▶ **Extracted material**:
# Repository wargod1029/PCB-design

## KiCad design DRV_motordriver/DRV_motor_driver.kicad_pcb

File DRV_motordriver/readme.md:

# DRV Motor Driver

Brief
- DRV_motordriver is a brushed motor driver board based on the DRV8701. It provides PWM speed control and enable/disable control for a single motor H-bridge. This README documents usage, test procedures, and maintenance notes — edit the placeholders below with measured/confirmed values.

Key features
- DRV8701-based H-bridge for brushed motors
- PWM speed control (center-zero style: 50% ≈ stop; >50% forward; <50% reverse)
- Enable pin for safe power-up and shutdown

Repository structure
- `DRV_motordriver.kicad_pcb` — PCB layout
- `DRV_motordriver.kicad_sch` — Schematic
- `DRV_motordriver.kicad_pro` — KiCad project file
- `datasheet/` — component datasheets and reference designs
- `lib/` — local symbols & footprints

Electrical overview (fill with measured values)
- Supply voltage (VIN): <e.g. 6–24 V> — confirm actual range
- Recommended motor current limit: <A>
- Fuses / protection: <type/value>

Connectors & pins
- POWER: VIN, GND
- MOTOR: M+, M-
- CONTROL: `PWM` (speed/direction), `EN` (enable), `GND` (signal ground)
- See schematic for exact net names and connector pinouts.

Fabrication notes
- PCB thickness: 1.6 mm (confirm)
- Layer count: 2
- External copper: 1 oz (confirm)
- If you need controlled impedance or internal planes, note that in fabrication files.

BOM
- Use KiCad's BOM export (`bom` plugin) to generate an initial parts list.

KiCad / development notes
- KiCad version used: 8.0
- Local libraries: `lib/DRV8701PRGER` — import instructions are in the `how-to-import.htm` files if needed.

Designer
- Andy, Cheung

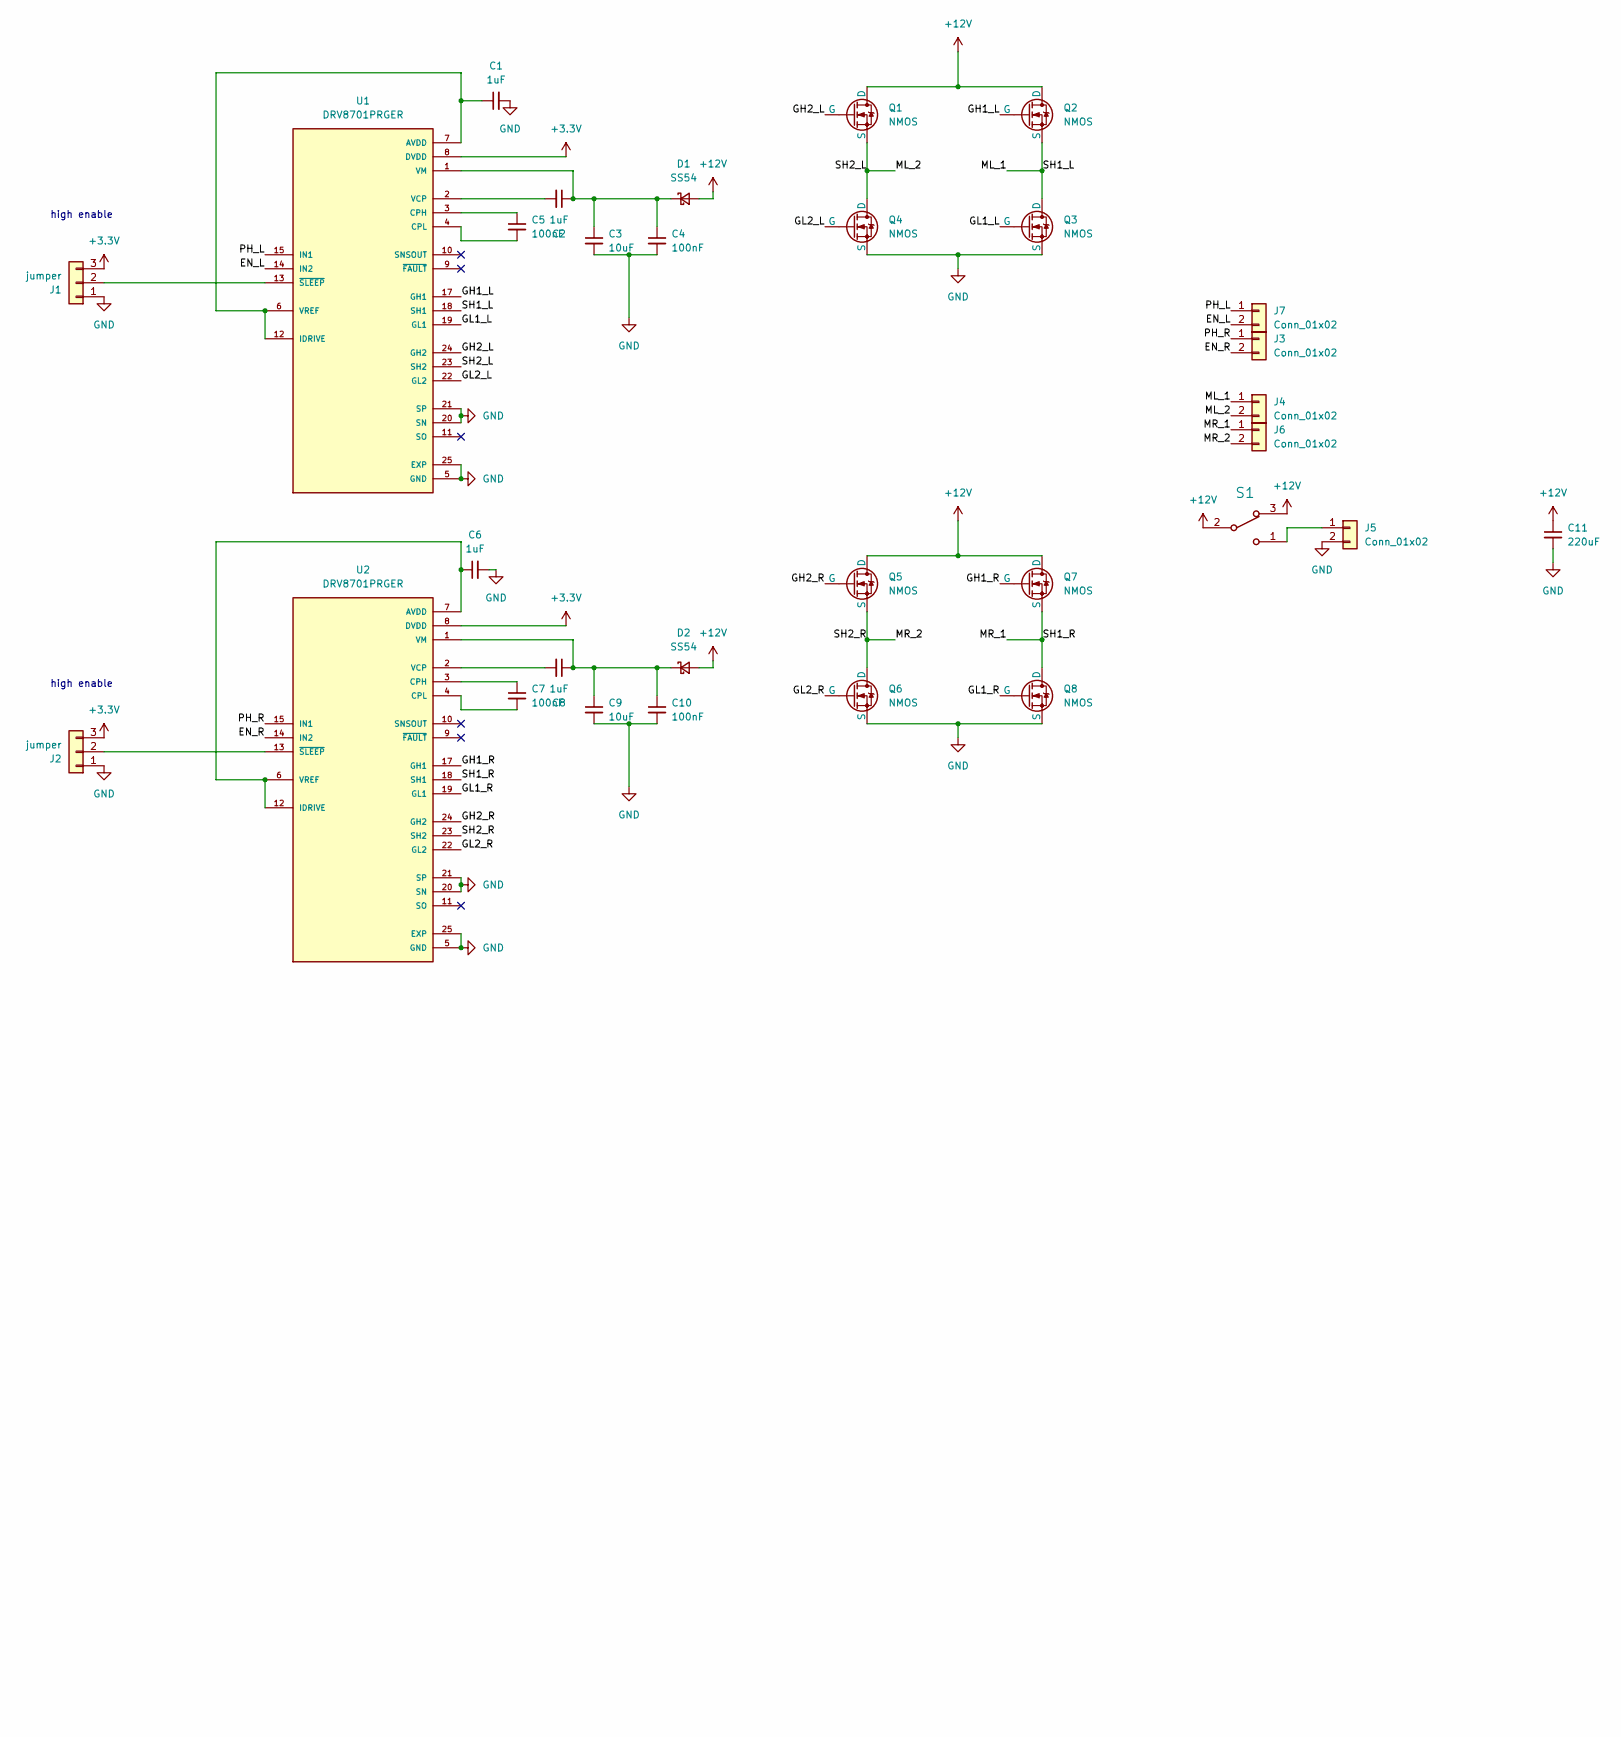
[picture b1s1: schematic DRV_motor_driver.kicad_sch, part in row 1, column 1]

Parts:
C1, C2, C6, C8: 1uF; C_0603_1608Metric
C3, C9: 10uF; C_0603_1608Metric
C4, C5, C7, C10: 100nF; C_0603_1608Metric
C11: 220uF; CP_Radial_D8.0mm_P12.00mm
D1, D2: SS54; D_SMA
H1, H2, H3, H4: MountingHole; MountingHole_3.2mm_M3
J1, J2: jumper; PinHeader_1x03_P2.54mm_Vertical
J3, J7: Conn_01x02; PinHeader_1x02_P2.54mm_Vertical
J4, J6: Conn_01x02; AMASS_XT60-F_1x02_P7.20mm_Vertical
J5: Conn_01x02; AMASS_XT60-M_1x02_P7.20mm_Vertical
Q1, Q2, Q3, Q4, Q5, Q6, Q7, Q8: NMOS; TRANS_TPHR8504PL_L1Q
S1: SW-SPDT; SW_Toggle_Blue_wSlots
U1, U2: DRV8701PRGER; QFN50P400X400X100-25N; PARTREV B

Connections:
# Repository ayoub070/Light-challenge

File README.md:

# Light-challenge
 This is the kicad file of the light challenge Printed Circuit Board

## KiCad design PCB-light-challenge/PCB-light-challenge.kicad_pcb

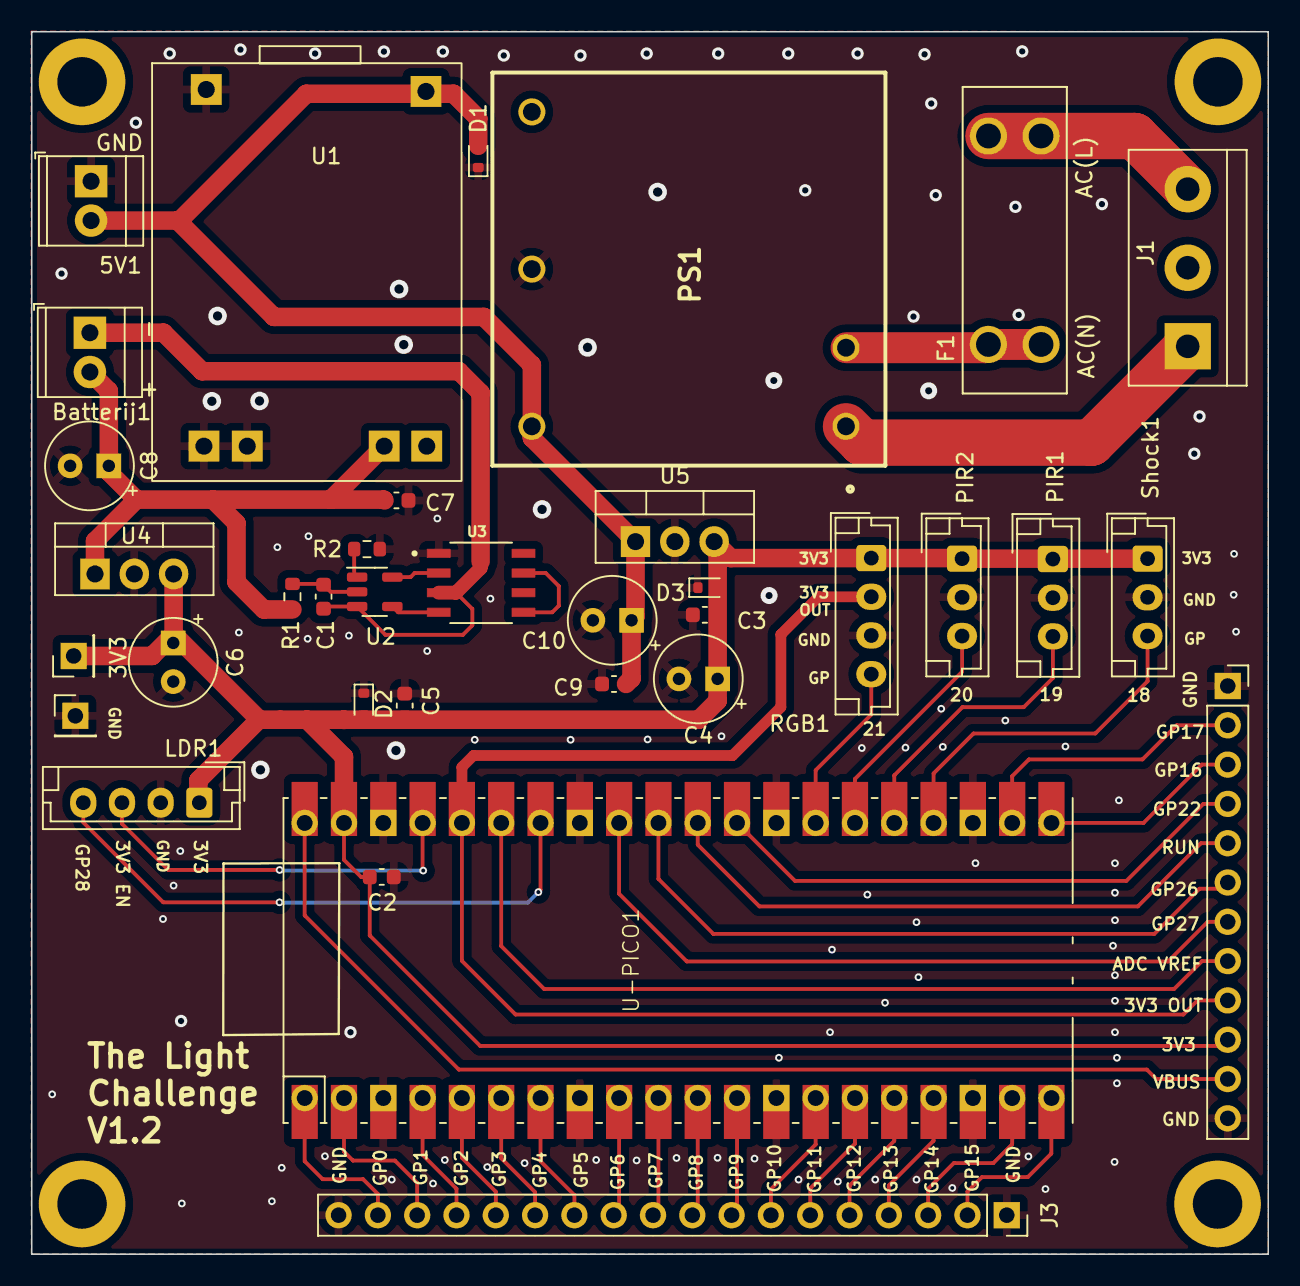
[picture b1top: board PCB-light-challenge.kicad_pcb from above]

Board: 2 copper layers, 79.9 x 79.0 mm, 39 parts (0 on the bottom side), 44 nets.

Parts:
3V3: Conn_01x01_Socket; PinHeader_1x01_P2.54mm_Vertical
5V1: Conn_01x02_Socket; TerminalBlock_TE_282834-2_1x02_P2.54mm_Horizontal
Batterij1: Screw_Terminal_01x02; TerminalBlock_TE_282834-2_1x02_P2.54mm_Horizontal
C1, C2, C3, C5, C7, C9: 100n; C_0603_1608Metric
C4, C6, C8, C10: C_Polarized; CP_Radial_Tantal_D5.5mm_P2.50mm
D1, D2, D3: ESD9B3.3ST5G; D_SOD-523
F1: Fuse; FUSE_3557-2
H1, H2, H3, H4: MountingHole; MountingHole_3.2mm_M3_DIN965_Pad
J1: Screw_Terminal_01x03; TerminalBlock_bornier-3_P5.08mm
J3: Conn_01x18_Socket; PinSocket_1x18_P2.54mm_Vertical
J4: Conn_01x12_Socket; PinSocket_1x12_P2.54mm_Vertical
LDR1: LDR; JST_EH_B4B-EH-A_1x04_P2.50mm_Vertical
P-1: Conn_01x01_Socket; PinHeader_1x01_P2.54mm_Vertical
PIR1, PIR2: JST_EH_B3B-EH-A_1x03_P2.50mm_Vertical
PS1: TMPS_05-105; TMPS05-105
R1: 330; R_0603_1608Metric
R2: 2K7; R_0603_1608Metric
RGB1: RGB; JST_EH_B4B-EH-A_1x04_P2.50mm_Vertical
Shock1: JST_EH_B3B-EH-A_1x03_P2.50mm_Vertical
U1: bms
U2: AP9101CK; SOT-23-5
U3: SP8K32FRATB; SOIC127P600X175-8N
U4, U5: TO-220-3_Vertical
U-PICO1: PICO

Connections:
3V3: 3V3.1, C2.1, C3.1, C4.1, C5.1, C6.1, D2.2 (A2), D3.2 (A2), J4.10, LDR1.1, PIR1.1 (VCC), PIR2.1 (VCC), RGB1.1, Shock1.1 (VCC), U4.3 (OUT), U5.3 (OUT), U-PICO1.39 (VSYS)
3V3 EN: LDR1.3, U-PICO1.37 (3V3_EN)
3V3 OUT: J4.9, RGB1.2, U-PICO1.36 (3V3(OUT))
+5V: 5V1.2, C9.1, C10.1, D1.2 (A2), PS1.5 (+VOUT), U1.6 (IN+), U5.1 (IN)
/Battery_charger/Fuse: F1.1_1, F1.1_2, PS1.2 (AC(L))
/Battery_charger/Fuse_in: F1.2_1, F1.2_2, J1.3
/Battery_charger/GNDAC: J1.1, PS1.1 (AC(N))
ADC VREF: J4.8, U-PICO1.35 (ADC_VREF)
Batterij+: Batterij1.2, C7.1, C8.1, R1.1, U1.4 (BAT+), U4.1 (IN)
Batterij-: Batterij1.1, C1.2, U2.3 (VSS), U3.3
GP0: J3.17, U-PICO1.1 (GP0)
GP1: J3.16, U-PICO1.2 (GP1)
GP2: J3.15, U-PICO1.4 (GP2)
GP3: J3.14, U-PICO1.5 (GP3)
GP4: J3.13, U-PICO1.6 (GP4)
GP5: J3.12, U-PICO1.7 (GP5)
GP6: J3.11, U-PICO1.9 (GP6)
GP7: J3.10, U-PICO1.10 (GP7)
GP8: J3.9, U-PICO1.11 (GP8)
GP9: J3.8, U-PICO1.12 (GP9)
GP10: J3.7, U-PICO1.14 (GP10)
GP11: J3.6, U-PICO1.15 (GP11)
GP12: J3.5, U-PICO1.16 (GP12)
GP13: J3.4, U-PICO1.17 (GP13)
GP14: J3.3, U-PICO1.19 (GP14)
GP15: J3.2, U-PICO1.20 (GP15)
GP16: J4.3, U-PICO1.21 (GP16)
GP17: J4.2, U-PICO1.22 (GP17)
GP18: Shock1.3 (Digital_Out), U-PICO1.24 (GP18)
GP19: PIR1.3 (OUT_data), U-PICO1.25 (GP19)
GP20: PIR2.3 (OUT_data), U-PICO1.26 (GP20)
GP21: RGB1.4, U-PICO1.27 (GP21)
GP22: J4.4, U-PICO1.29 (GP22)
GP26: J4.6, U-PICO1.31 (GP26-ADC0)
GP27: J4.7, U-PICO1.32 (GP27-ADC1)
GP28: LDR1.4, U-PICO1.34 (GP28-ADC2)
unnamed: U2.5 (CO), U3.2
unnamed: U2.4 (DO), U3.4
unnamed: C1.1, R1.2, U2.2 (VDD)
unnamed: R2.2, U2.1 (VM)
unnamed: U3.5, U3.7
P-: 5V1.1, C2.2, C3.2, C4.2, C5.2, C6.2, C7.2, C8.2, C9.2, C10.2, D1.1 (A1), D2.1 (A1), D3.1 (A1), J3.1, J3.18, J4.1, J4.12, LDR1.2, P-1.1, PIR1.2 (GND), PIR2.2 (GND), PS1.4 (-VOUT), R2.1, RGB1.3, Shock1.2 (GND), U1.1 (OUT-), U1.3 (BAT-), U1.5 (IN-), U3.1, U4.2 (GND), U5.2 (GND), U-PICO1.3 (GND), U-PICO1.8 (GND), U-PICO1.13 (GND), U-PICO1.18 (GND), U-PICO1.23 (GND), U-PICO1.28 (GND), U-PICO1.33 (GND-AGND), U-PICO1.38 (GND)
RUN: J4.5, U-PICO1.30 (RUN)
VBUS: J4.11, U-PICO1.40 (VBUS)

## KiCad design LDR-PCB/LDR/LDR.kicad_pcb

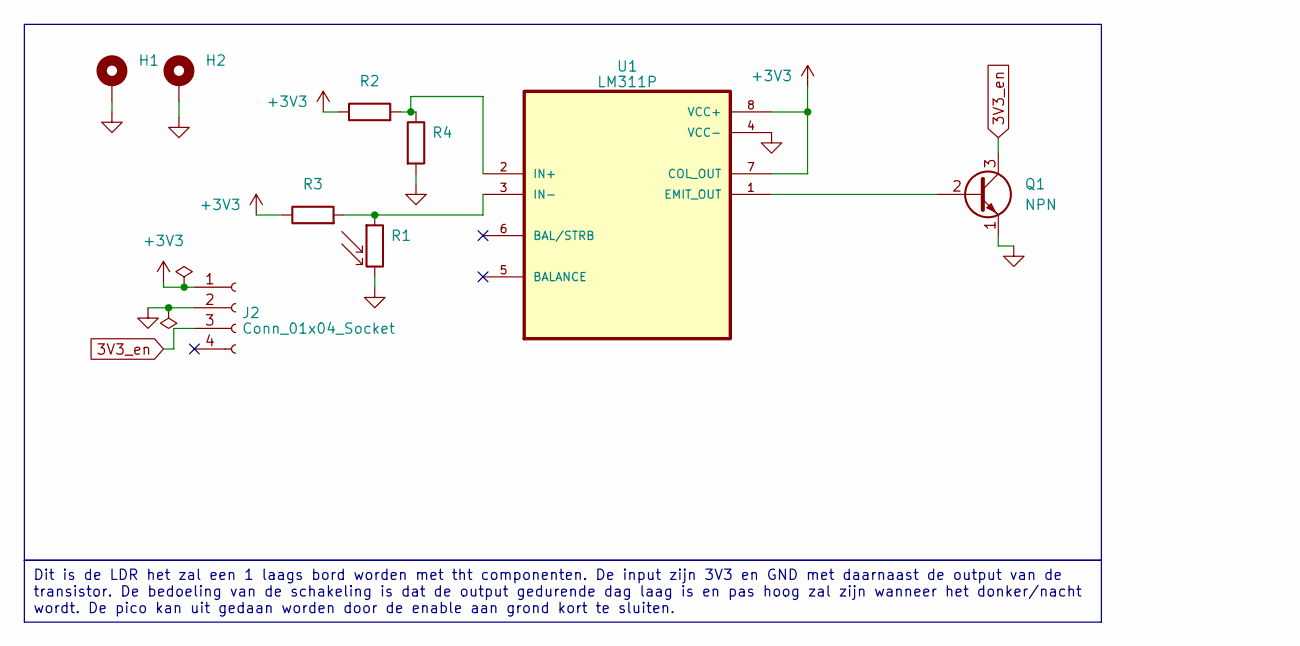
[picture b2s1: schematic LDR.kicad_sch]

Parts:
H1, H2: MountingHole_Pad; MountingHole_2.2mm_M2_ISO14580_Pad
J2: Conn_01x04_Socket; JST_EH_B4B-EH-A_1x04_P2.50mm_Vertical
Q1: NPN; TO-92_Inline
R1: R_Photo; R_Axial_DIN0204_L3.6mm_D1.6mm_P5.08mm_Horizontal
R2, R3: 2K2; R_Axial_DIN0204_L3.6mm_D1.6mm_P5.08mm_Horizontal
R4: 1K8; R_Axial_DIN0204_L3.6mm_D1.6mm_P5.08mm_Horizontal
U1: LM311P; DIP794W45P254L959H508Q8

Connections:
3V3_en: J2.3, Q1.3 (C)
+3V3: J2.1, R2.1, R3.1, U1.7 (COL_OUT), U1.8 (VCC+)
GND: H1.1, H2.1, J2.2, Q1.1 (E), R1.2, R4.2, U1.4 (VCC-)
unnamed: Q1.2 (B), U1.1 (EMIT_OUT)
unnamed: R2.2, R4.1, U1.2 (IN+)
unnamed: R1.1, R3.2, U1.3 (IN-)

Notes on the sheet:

▶ **Problem**:
Only one part of the listing is wanted: the lines from the one containing "U1, U2: DRV8701PRGER;" through the one containing "LDR1: LDR; JST_EH_B4B-EH-A_1x04_P2.50mm_Vertical", both included. Please transcribe it exactly, leaving out the pictures.

▶ **Answer section**:
U1, U2: DRV8701PRGER; QFN50P400X400X100-25N; PARTREV B

Connections:
# Repository ayoub070/Light-challenge

File README.md:

# Light-challenge
 This is the kicad file of the light challenge Printed Circuit Board

## KiCad design PCB-light-challenge/PCB-light-challenge.kicad_pcb

[picture b1top: board PCB-light-challenge.kicad_pcb from above]

Board: 2 copper layers, 79.9 x 79.0 mm, 39 parts (0 on the bottom side), 44 nets.

Parts:
3V3: Conn_01x01_Socket; PinHeader_1x01_P2.54mm_Vertical
5V1: Conn_01x02_Socket; TerminalBlock_TE_282834-2_1x02_P2.54mm_Horizontal
Batterij1: Screw_Terminal_01x02; TerminalBlock_TE_282834-2_1x02_P2.54mm_Horizontal
C1, C2, C3, C5, C7, C9: 100n; C_0603_1608Metric
C4, C6, C8, C10: C_Polarized; CP_Radial_Tantal_D5.5mm_P2.50mm
D1, D2, D3: ESD9B3.3ST5G; D_SOD-523
F1: Fuse; FUSE_3557-2
H1, H2, H3, H4: MountingHole; MountingHole_3.2mm_M3_DIN965_Pad
J1: Screw_Terminal_01x03; TerminalBlock_bornier-3_P5.08mm
J3: Conn_01x18_Socket; PinSocket_1x18_P2.54mm_Vertical
J4: Conn_01x12_Socket; PinSocket_1x12_P2.54mm_Vertical
LDR1: LDR; JST_EH_B4B-EH-A_1x04_P2.50mm_Vertical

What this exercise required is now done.